And here a hands-on from DP-Review: http://www.dpreview.com/previews/canon-eos-7d-mark-ii


----------



## Vossie (Sep 15, 2014)

Vossie said:


> And here a hands-on from DP-Review: http://www.dpreview.com/previews/canon-eos-7d-mark-ii



On the battery: "The 7D Mark II uses a new battery, the LP-E6N, that has a higher capacity than the previous LP-E6 batteries found in the 5D Mark III and its predecessor. Importantly, though, the form factor remains the same, which means you should still be able to use the older LP-E6 batteries in it."

Is this true? Would be very nice for 5D3 owners.


----------



## DiSnapper (Sep 15, 2014)

Vossie said:


> And here a hands-on from DP-Review: http://www.dpreview.com/previews/canon-eos-7d-mark-ii



Am confused website says "First Impression" is that same as "Hands-on" ?


----------



## Destin (Sep 15, 2014)

Review or infomercial?


----------



## aclectasis (Sep 15, 2014)

Sorry, when someone said 'review' I didn't mean it meant 'advertisement'


----------



## 3kramd5 (Sep 15, 2014)

Destin said:


> ...infomercial?



What tipped you off? The Canon logo at the top right? heh.


----------



## wtlloyd (Sep 15, 2014)

That's a commercial, not a review.

Pretty scenery, so I watched it anyway.


----------



## gsealy (Sep 15, 2014)

I heard that one little blurb about 'clean HDMI out'. That is a good thing, which I presume is true. For me, this gives the camera a lot more versatility than if it were not present. I want to learn more about the video functionality as things go along.


----------



## canon1dxman (Sep 15, 2014)

Every frame in focus.....hmmm


----------



## Maui5150 (Sep 15, 2014)

canon1dxman said:


> Every frame in focus.....hmmm



Give it to Tony Northrup and I am sure he could bugger up the settings and drop that down to 60%


----------



## Ninjajack (Sep 15, 2014)

A commercial is not a review


----------



## LOALTD (Sep 15, 2014)

Hilarious puff piece.

Next time I go alpine climbing I should bring one of these so I don't get lost. *eye roll*


----------



## Hjalmarg1 (Sep 15, 2014)

Let's wait for impartial review to see how it really performs.

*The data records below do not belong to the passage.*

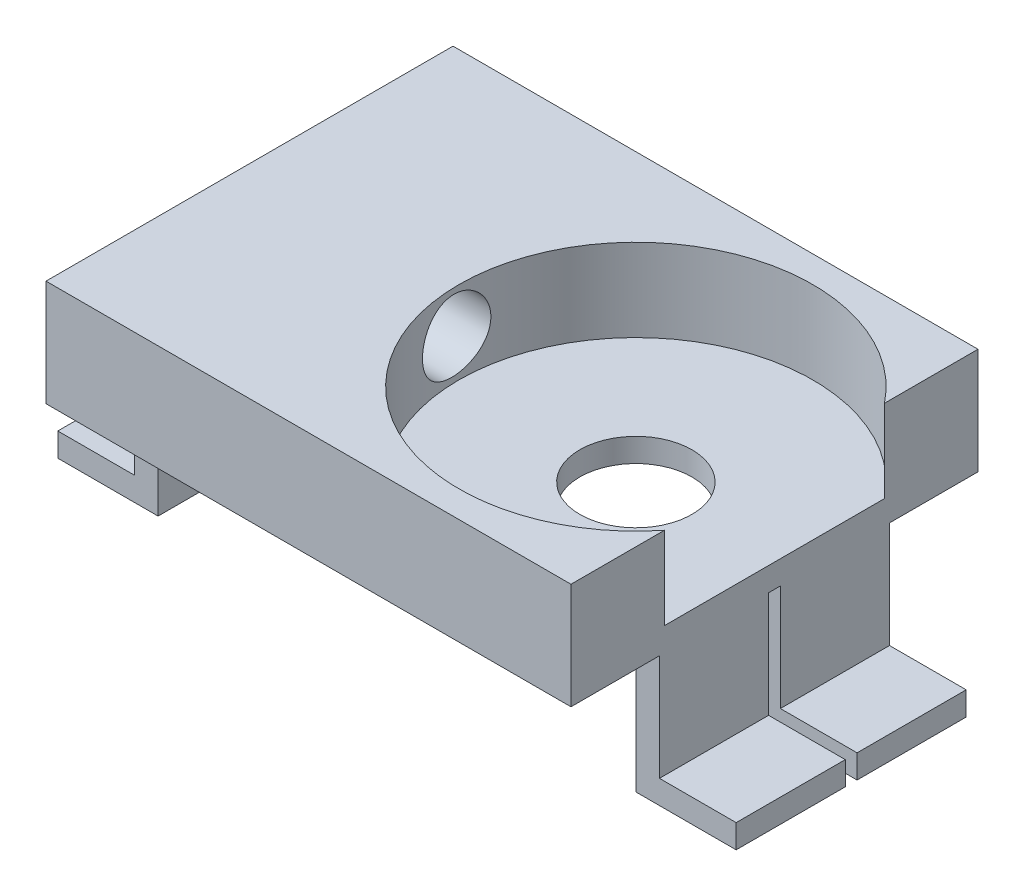
from build123d import *

# Parameters (mm, degrees)
BOSS_EXTRUDE1_DEPTH = 34.5
SKETCH3_R           = 15
CUT_EXTRUDE1_DEPTH  = 7
SKETCH4_W           = 7.5
SKETCH4_H           = 11
CUT_EXTRUDE2_DEPTH  = 70.974995534
SKETCH5_R           = 4.75
CUT_EXTRUDE3_DEPTH  = 55.357268886
SKETCH6_W           = 1
SKETCH6_H           = 11
CUT_EXTRUDE4_DEPTH  = 70.974995534
CUT_EXTRUDE5_REACH  = 66.74
SKETCH7_R           = 3


with BuildPart() as part:
    # Sketch1 → Boss-Extrude1 (new body)
    with BuildSketch(Plane.XY):
        Polygon((-9.056756757, 11), (31.443243243, 11), (31.443243243, 0), (39.943243243, 0), (39.943243243, 2), (33.443243243, 2), (33.443243243, 20), (-11.056756757, 20), (-11.056756757, 2), (-17.556756757, 2), (-17.556756757, 0), (-9.056756757, 0), align=None)
    extrude(amount=BOSS_EXTRUDE1_DEPTH)

    # Sketch3 → Cut-Extrude1 (cut)
    with BuildSketch(Plane(origin=(0, 20, 0), x_dir=(1, 0, 0), z_dir=(0, 1, 0))):
        with Locations((21.693243243, -17.25)):
            Circle(SKETCH3_R)
    extrude(amount=-CUT_EXTRUDE1_DEPTH, mode=Mode.SUBTRACT)

    # Sketch4 → Cut-Extrude2 (cut, through all)
    with BuildSketch(Plane.ZY.offset(17.556756757)):
        with Locations((3.75, 5.5)):
            Rectangle(SKETCH4_W, SKETCH4_H)
        with Locations((30.75, 5.5)):
            Rectangle(SKETCH4_W, SKETCH4_H)
    extrude(amount=-CUT_EXTRUDE2_DEPTH, mode=Mode.SUBTRACT)

    # Sketch5 → Cut-Extrude3 (cut, through all)
    with BuildSketch(Plane(origin=(0, 13, 0), x_dir=(1, 0, 0), z_dir=(0, 1, 0))):
        with Locations((21.693243243, -17.25)):
            Circle(SKETCH5_R)
    extrude(amount=-CUT_EXTRUDE3_DEPTH, mode=Mode.SUBTRACT)

    # Sketch6 → Cut-Extrude4 (cut, through all)
    with BuildSketch(Plane(origin=(39.943243243, 0, 0), x_dir=(0, 0, -1), z_dir=(1, 0, 0))):
        with Locations((-17.25, 5.5)):
            Rectangle(SKETCH6_W, SKETCH6_H)
    extrude(amount=-CUT_EXTRUDE4_DEPTH, mode=Mode.SUBTRACT)

    # Sketch7 → Cut-Extrude5 (cut, up to next)
    with BuildSketch(Plane.ZY.offset(11.056756757), mode=Mode.PRIVATE) as cut_extrude5_sk1:
        with Locations((17.75, 16.5)):
            Circle(SKETCH7_R)
    cut_extrude5_tool1 = extrude(cut_extrude5_sk1.sketch, amount=-CUT_EXTRUDE5_REACH, mode=Mode.PRIVATE) & part.part
    add(cut_extrude5_tool1.solids().sort_by_distance((-11.056757, 16.5, 17.75))[0], mode=Mode.SUBTRACT)


solid = part.part

With the same AF of 5D3 and 1Dx looks promising body.


----------



## heptagon (Sep 15, 2014)

Review? More like professional commercial spot.


----------



## 3kramd5 (Sep 15, 2014)

Hjalmarg1 said:


> With the same AF of 5D3 and 1Dx looks promising body.



It isn't, it's a new system. On paper, it's potentially a better system.


----------



## ritholtz (Sep 15, 2014)

Maui5150 said:


> canon1dxman said:
> 
> 
> > Every frame in focus.....hmmm
> ...



He is pretty much doing it now.

https://www.youtube.com/watch?v=JpiZHZRDRbc


----------



## wookiee2cu (Sep 15, 2014)

On paper the spec's look really impressive, if it ends up being as good as it looks I imagine it may take a few sales away from the 1DX. You could purchase 2 (1 for back up) and a very nice piece of glass for the amount of the 1DX. I know the 1DX has some more features and better weather sealing but I don't think that will matter to a lot of potential buyers; will be interesting to see what happens.


----------



## chris_w_digits (Sep 15, 2014)

I'm eager to see a real review comparing it to the 70D and 7D (sensor differences, improvements in high ISO noise, etc.). These are not reviews but are "marketing brochures".


----------



## Daniel Flather (Sep 15, 2014)

canon1dxman said:


> Every frame in focus.....hmmm



At that distance with the ef 14mm f2.8 L, I'd guess all frames would be in focus, so the statement made is probably true.


----------



## crashpc (Sep 15, 2014)

ritholtz said:


> Maui5150 said:
> 
> 
> > canon1dxman said:
> ...



Trololololol. This guy doesn't know when to stop...


----------



## scottkinfw (Sep 15, 2014)

I just sat through about 20 minutes of it. He is very biased, and when he can muster any compliments they are all backhanded in nature. He makes a few points, but overall, it is like listening to nails on a chalkboard because he is so openly contemptuous. 

sek



ritholtz said:


> Maui5150 said:
> 
> 
> > canon1dxman said:
> ...


----------



## zim (Sep 15, 2014)

scottkinfw said:


> I just sat through about 20 minutes of it. He is very biased, and when he can muster any compliments they are all backhanded in nature. He makes a few points, but overall, it is like listening to nails on a chalkboard because he is so openly contemptuous.
> 
> sek
> 
> ...



20mins wow impressive, I couldn't manage past 5 !! ;D


----------



## jdramirez (Sep 16, 2014)

Destin said:


> Review or infomercial?



It did feel like that, and some of the shots, I was surprised they weren't sharper... so maybe he was going with a slower shutter speed because he wanted to accentuate the motion,but it just looked dull... and I think he was using an 8-15 fisheye... so maybe that was it... but I think you kick up the iso... UNLESS THE HIGHER ISO PERFORMANCE IS BLAH!


----------



## mkabi (Sep 16, 2014)

I suspect that this video was also taken with the 7D camera... the slow mo isn't bad (they only did it once when the bike passes through the water once)... 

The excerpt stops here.